# Will just oral sex satisfy a woman long term?



## FromNeptune (Apr 22, 2008)

At my age and other reasons, I have a bad case of erectile dysfunction. I am going to get serious about losing weight which will help improve the ED and take better care of other conditions requiring medication. For now our time with sex is my giving her oral sex which I believe she enjoys. I do this willingly knowing that I will not have any release or relief, i.e. no climax. Just can't get hard at all. As we engage in foreplay and she becomes arouse, before I had ED, she would quickly reach for my hard member. But now as she still reaches, it is not there, too small and her arm is not long enough to get it.
This is a subjective question and is probably different with every woman. Question: How long can a woman be satisfied with just oral sex and no intercourse? Will she grow tired of only oral sex which now is good but in time will she become bored and want to be entered which I can't do. At least not now.


----------



## treyvion (Apr 29, 2013)

FromNeptune said:


> At my age and other reasons, I have a bad case of erectile dysfunction. I am going to get serious about losing weight which will help improve the ED and take better care of other conditions requiring medication. For now our time with sex is my giving her oral sex which I believe she enjoys. I do this willingly knowing that I will not have any release or relief, i.e. no climax. Just can't get hard at all. As we engage in foreplay and she becomes arouse, before I had ED, she would quickly reach for my hard member. But now as she still reaches, it is not there, too small and her arm is not long enough to get it.
> This is a subjective question and is probably different with every woman. Question: How long can a woman be satisfied with just oral sex and no intercourse? Will she grow tired of only oral sex which now is good but in time will she become bored and want to be entered which I can't do. At least not now.


if she orals you the c0ck still does not come alive?
_Posted via Mobile Device_


----------



## richardsharpe (Jul 8, 2014)

Good morning fromneptune
You are limited to oral sex. You have fingers, there are sex toys etc.


----------



## EleGirl (Dec 3, 2011)

A lot of oral sex is good.

You might want to introduce a toy as penetration is important for a woman. 

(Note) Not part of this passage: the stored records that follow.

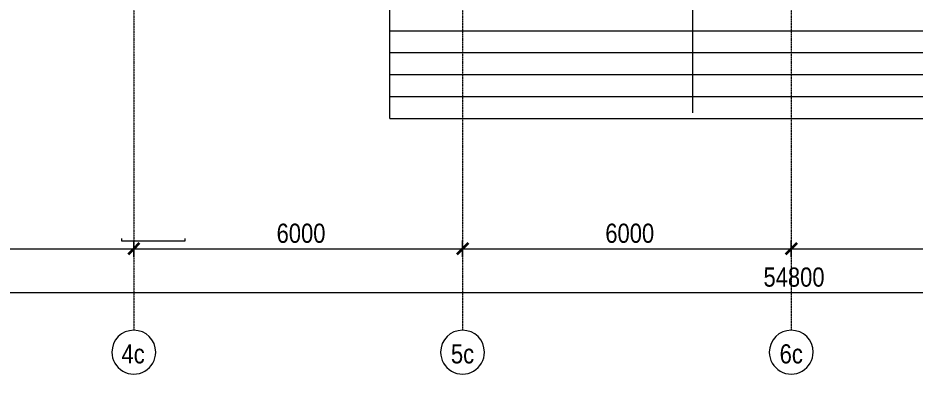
# Model space of a CAD drawing. Header units: metres. Extents: x -187 to 138813, y -64870 to 49448.
# Drawn here: x 45948 to 62323, y -64870 to -58352 of the extents above; entities that cross this region are included whole.
import ezdxf

# ---------------------------------------------------------------- set-up
doc = ezdxf.new("R2010")
doc.units = ezdxf.units.M
doc.linetypes.add('ADSK_Линия сетки', pattern=[21, 12, -3, 3, -3])
doc.linetypes.add('Сверху', pattern=[3.96875, 2.38125, -1.5875])
for name, color, linetype, lineweight in [('A-ANNO-DIMS', 7, 'Continuous', 9), ('A-ANNO-DIMS-100', 7, 'Continuous', 9), ('A-DETL-THIN', 7, 'Continuous', 5), ('A-GLAZ-CWMG', 7, 'Continuous', 5), ('A-WALL-PATT', 7, 'Continuous', 18), ('S-GRID', 7, 'Continuous', 9), ('S-GRID-IDEN', 7, 'Continuous', 9), ('S-STRS', 7, 'Continuous', 5)]:
    doc.layers.add(name, color=color, linetype=linetype, lineweight=lineweight)
doc.styles.add('GOST Common_I', font='ARIALN.TTF', dxfattribs={"height": 350})
doc.dimstyles.new('ADSK_Основной_3_5', dxfattribs={"dimscale": 304.8, "dimtxt": 352.000249, "dimasz": 0.695866, "dimexe": 0.492126, "dimexo": 0.984252, "dimgap": 0, "dimtad": 1, "dimdec": 3, "dimrnd": 0.001, "dimdsep": 46, "dimtxsty": 'GOST Common_I', "dimblk1": 'OBLIQUE', "dimblk2": 'OBLIQUE', "dimsah": 1, "dimcen": 0.09, "dimdle": 0.492126, "dimazin": 0, "dimtfac": 1, "dimtdec": 4, "dimtix": 1, "dimtmove": 0, "dimatfit": 3, "dimfxl": 1, "dimtvp": 1, "dimtolj": 1, "dimtzin": 0, "dimarcsym": 2})

# ---------------------------------------------------------------- blocks, each defined once
blk = doc.blocks.new('1709 КДП АПК АС_Крыльца_rvt-1-1 этаж')
at = {"layer": 'S-STRS', "lineweight": 9}
for p, q in [((52733, -58586), (52733, -58186)), ((52733, -58986), (52733, -58586)), ((52733, -58586), (63463, -58586)), ((52733, -59386), (52733, -58986)), ((52733, -58986), (64063, -58986)), ((52733, -59786), (52733, -59386)), ((52733, -59386), (64663, -59386)), ((52733, -60186), (52733, -59786)), ((52733, -59786), (65263, -59786)), ((52733, -60186), (65863, -60186))]:
    blk.add_line(p, q, dxfattribs=at)
at = {"layer": 'S-STRS', "linetype": 'Сверху', "lineweight": 9}
for p, q in [((52733, -58586), (63463, -58586)), ((52733, -58986), (64063, -58986)), ((52733, -59386), (64663, -59386)), ((52733, -59786), (65263, -59786)), ((52733, -60186), (65863, -60186))]:
    blk.add_line(p, q, dxfattribs=at)
blk = doc.blocks.new('Ось сетки - D8-1256827-1 этаж')
at = {"layer": 'S-GRID-IDEN'}
for start, end in [(360, 180), (180, 360)]:
    blk.add_arc((0, 0), 4, start, end, dxfattribs=at)
blk = doc.blocks.new('DIMBLOCK3-1 этаж')
at = {"layer": 'A-ANNO-DIMS-100', "transparency": 16777216}
for p, q in [((42063, -62714), (42063, -62414)), ((48063, -62714), (48063, -62414)), ((42063, -62564), (48063, -62564)), ((42063, -62564), (42063, -62714)), ((48063, -62564), (48063, -62714))]:
    blk.add_line(p, q, dxfattribs=at)
at = {"layer": 'A-ANNO-DIMS-100', "lineweight": 35, "transparency": 16777216}
for p, q in [((42063, -62564), (42169, -62458)), ((48063, -62564), (48169, -62458)), ((42063, -62564), (41957, -62670)), ((48063, -62564), (47957, -62670))]:
    blk.add_line(p, q, dxfattribs=at)
at = {"layer": 'A-ANNO-DIMS-100', "color": 0, "transparency": 16777216, "insert": (44669, -62107), "char_height": 350, "width": 945.03, "attachment_point": 1, "line_spacing_factor": 1.022761, "style": 'GOST Common_I'}
blk.add_mtext('6000', dxfattribs=at)
blk = doc.blocks.new('_Oblique')
at = {"color": 0, "linetype": 'ByBlock', "lineweight": -2}
blk.add_line((-0.5, -0.5), (0.5, 0.5), dxfattribs=at)
blk = doc.blocks.new('DIMBLOCK4-1 этаж')
at = {"layer": 'A-ANNO-DIMS-100', "transparency": 16777216}
for p, q in [((48063, -62714), (48063, -62414)), ((54063, -62714), (54063, -62414)), ((48063, -62564), (54063, -62564)), ((48063, -62564), (48063, -62714)), ((54063, -62564), (54063, -62714))]:
    blk.add_line(p, q, dxfattribs=at)
at = {"layer": 'A-ANNO-DIMS-100', "lineweight": 35, "transparency": 16777216}
for p, q in [((48063, -62564), (48169, -62458)), ((54063, -62564), (54169, -62458)), ((48063, -62564), (47957, -62670)), ((54063, -62564), (53957, -62670))]:
    blk.add_line(p, q, dxfattribs=at)
at = {"layer": 'A-ANNO-DIMS-100', "color": 0, "transparency": 16777216, "insert": (50669, -62107), "char_height": 350, "width": 945.03, "attachment_point": 1, "line_spacing_factor": 1.022761, "style": 'GOST Common_I'}
blk.add_mtext('6000', dxfattribs=at)
blk = doc.blocks.new('DIMBLOCK5-1 этаж')
at = {"layer": 'A-ANNO-DIMS-100', "transparency": 16777216}
for p, q in [((54063, -62714), (54063, -62414)), ((60063, -62714), (60063, -62414)), ((54063, -62564), (60063, -62564)), ((54063, -62564), (54063, -62714)), ((60063, -62564), (60063, -62714))]:
    blk.add_line(p, q, dxfattribs=at)
at = {"layer": 'A-ANNO-DIMS-100', "lineweight": 35, "transparency": 16777216}
for p, q in [((54063, -62564), (54169, -62458)), ((60063, -62564), (60169, -62458)), ((54063, -62564), (53957, -62670)), ((60063, -62564), (59957, -62670))]:
    blk.add_line(p, q, dxfattribs=at)
at = {"layer": 'A-ANNO-DIMS-100', "color": 0, "transparency": 16777216, "insert": (56669, -62107), "char_height": 350, "width": 945.03, "attachment_point": 1, "line_spacing_factor": 1.022761, "style": 'GOST Common_I'}
blk.add_mtext('6000', dxfattribs=at)
blk = doc.blocks.new('DIMBLOCK6-1 этаж')
at = {"layer": 'A-ANNO-DIMS-100', "transparency": 16777216}
for p, q in [((60063, -62714), (60063, -62414)), ((66063, -62714), (66063, -62414)), ((60063, -62564), (66063, -62564)), ((60063, -62564), (60063, -62714)), ((66063, -62564), (66063, -62714))]:
    blk.add_line(p, q, dxfattribs=at)
at = {"layer": 'A-ANNO-DIMS-100', "lineweight": 35, "transparency": 16777216}
for p, q in [((60063, -62564), (60169, -62458)), ((66063, -62564), (66169, -62458)), ((60063, -62564), (59957, -62670)), ((66063, -62564), (65957, -62670))]:
    blk.add_line(p, q, dxfattribs=at)
at = {"layer": 'A-ANNO-DIMS-100', "color": 0, "transparency": 16777216, "insert": (62669, -62107), "char_height": 350, "width": 945.03, "attachment_point": 1, "line_spacing_factor": 1.022761, "style": 'GOST Common_I'}
blk.add_mtext('6000', dxfattribs=at)
blk = doc.blocks.new('DIMBLOCK15-1 этаж')
at = {"layer": 'A-ANNO-DIMS-100', "transparency": 16777216}
for p, q in [((32663, -63184), (32663, -63514)), ((32663, -63364), (32663, -63184)), ((87463, -63184), (87463, -63514)), ((87463, -63364), (87463, -63184)), ((32513, -63364), (87613, -63364))]:
    blk.add_line(p, q, dxfattribs=at)
at = {"layer": 'A-ANNO-DIMS-100', "lineweight": 35, "transparency": 16777216}
for p, q in [((32663, -63364), (32557, -63470)), ((32663, -63364), (32769, -63258)), ((87463, -63364), (87357, -63470)), ((87463, -63364), (87569, -63258))]:
    blk.add_line(p, q, dxfattribs=at)
at = {"layer": 'A-ANNO-DIMS-100', "color": 0, "transparency": 16777216, "insert": (59556, -62907), "char_height": 350, "width": 1217.09, "attachment_point": 1, "line_spacing_factor": 1.022761, "style": 'GOST Common_I'}
blk.add_mtext('54800', dxfattribs=at)
blk = doc.blocks.new('Прямоугольный импост - 50 x 150мм-V317-Фасад 11с-1с')
at = {"layer": 'A-GLAZ-CWMG'}
for p, q in [((-34833, 3700), (-34833, 3750)), ((-33683, 3700), (-34833, 3700)), ((-33683, 3750), (-33683, 3700))]:
    blk.add_line(p, q, dxfattribs=at)

msp = doc.modelspace()

# ---------------------------------------------------------------- hatches: boundary and pattern name
at = {"layer": 'A-WALL-PATT', "lineweight": 5}
h = msp.add_hatch(dxfattribs=at)
h.set_pattern_fill('FP_81', color=256, style=0, pattern_type=2)
h.set_pattern_definition([(0, (0, -18516.3), (812.8, 203.2), [33.528, -576.072, 33.528, -576.072, -3251.2]), (0, (0, -18516.3), (812.8, 203.2), [-1219.2, 33.528, -1185.672, 33.528, -576.072, -1422.4]), (0, (0, -18516.3), (812.8, 203.2), [-3048, 33.528, -372.872, 33.528, -982.472]), (120, (304.8, -18414.7), (-582.37636, 602.30545), [33.528, -576.072, 33.528, -576.072, -3251.2]), (120, (304.8, -18414.7), (-582.37636, 602.30545), [-1219.2, 33.528, -1185.672, 33.528, -576.072, -1422.4]), (120, (304.8, -18414.7), (-582.37636, 602.30545), [-3048, 33.528, -372.872, 33.528, -982.472]), (240, (406.4, -18008.3), (-230.42364, -805.50545), [33.528, -576.072, 33.528, -576.072, -3251.2]), (240, (406.4, -18008.3), (-230.42364, -805.50545), [-1219.2, 33.528, -1185.672, 33.528, -576.072, -1422.4]), (240, (406.4, -18008.3), (-230.42364, -805.50545), [-3048, 33.528, -372.872, 33.528, -982.472])])
h.paths.add_polyline_path([(50861.0203, -59251.1745), (51497.6532, -59251.1745), (51497.6532, -59254.1745), (49282.6532, -59254.1745), (49282.6532, -59251.1745)], flags=0)

# ---------------------------------------------------------------- linework, layer by layer
at = {"layer": 'A-DETL-THIN'}
msp.add_line((58269.2088, -60085.6443), (58269.2088, -57285.6443), dxfattribs=at)
at = {"layer": 'S-GRID', "linetype": 'ADSK_Линия сетки'}
for p, q in [((48062.6532, -39335.6443), (48062.6532, -64052.4737)), ((54062.6532, -39335.6443), (54062.6532, -64052.4737)), ((60062.6532, -39335.6443), (60062.6532, -64052.4737))]:
    msp.add_line(p, q, dxfattribs=at)

# ---------------------------------------------------------------- block references
at = {"lineweight": 5}
msp.add_blockref('1709 КДП АПК АС_Крыльца_rvt-1-1 этаж', (0, 0), dxfattribs=at)
at = {"layer": 'A-GLAZ-CWMG'}
msp.add_blockref('Прямоугольный импост - 50 x 150мм-V317-Фасад 11с-1с', (82677.081, -66124.9706), dxfattribs=at)
at = {"layer": 'S-GRID-IDEN', "xscale": 99.99999999999993, "yscale": 99.99999999999993, "zscale": 99.99999999999993, "rotation": 180}
for p in [(48062.6532, -64452.4737), (54062.6532, -64452.4737), (60062.6532, -64452.4737)]:
    msp.add_blockref('Ось сетки - D8-1256827-1 этаж', p, dxfattribs=at)

# ---------------------------------------------------------------- texts
at = {"layer": 'S-GRID-IDEN', "char_height": 350, "attachment_point": 1, "style": 'GOST Common_I'}
for s, insert, width in [('4с', (47837.9192, -64308.6099), 493.8395), ('5с', (53851.1192, -64308.6099), 461.772), ('6с', (59851.1192, -64308.6099), 461.772)]:
    msp.add_mtext(s, dxfattribs=dict(at, insert=insert, width=width))

# ---------------------------------------------------------------- dimensions: what is measured, and where the dimension line sits
at = {"layer": 'A-ANNO-DIMS'}
for base, p1, p2, override, picture, middle in [((48062.6532, -62564.3923), (42062.6532, -62414.4149), (48062.6532, -62414.4149), {"dimpost": '<>', "dimfxl": 6000}, 'DIMBLOCK3-1 этаж', (45062.6532, -62389.3923)), ((54062.6532, -62564.3923), (48062.6532, -62414.4149), (54062.6532, -62414.4149), {"dimpost": '<>', "dimfxl": 6000}, 'DIMBLOCK4-1 этаж', (51062.6532, -62389.3923)), ((60062.6532, -62564.3923), (54062.6532, -62414.4149), (60062.6532, -62414.4149), {"dimpost": '<>', "dimfxl": 6000}, 'DIMBLOCK5-1 этаж', (57062.6532, -62389.3923)), ((66062.6532, -62564.3923), (60062.6532, -62414.4149), (66062.6532, -62414.4149), {"dimpost": '<>', "dimfxl": 6000}, 'DIMBLOCK6-1 этаж', (63062.6532, -62389.3923)), ((87462.6532, -63364.3923), (32662.6532, -62884.1574), (87462.6532, -62884.1574), {"dimpost": '<>', "dimfxl": 54800}, 'DIMBLOCK15-1 этаж', (60062.6532, -63189.3923))]:
    dim = msp.add_linear_dim(base=base, p1=p1, p2=p2, dimstyle='ADSK_Основной_3_5', override=override, dxfattribs=at)
    dim.commit()
    dim.dimension.update_dxf_attribs({"geometry": picture, "text_midpoint": middle})

doc.saveas('drawing.dxf')

Talk to your wife, ask her to tell you what she needs.


----------



## bestwife (May 10, 2014)

Yes, I like it personally, its more relaxing for me, ofcourse as EleGirl said: Penetration need every woman


----------



## murphy5 (May 1, 2014)

some women love oral, some women do not. Oral sex combined with a dildo or your fingers inside can be very stimulating, some women would find that an acceptable alternative.

as an alternative from time to time, some women can orgasm just from breast/nipple massage.

But, sadly, there are some women that really can only truly orgasm with PIV sex. It sounds like your SO is not in that camp, so you can be happy.

There are so many other types of sex than PIV sex. There are warehouses full of sex toys you can buy. you can try lite bondage, she can use sex toys on you, you can try role playing (which is more erotic than physical), slow full body massages for her.

But have you really tried all there is available to you for the ED. Viagra/Cialis/Levitra is just a prescription away. There are vacuum pumps for the penis, and if you slip on a rubber ring when you are erect the erection can last long enough for sex. There are Trimix injections. There are hollow penis-like sleeves you can wear. Even if your junk is completely shot, they can implant a pump/bladder in your penis that makes you rock hard. So it is NOT game-over! 

Go see a good ED doctor and see what he can do.


----------



## Rayloveshiswife (Sep 25, 2013)

Sexual intimacy is not just PIV intercourse, though that is usually the end result. You and wife can be sexual doing any number of things. The key is that you are both satisfied sexually. It sounds like your wife is understanding of your health issues and has made changes to deal with them. I would just make sure to talk to her to make sure she is satisfied as much as she can be and allow her to voice any concerns or complaints that she has. 

I'd also make sure that you continued to work on the issues that put you in this place in hopes that you can eventually put it behind you. Your wife will be more understanding and accomadatting is she sees you trying to change the situation.
_Posted via Mobile Device_


----------



## Happilymarried25 (Mar 19, 2014)

My husband is in the same position as you. He has had ED for around 8 years now. He too is loosing weight. His Dr says that it's caused by his diabetes. He enjoys giving me oral sex and I enjoy receiving it. I'm able to O. We also enjoy kissing, and using his fingers. We don't use toys but that is an option. We also cuddle every night to keep that connection.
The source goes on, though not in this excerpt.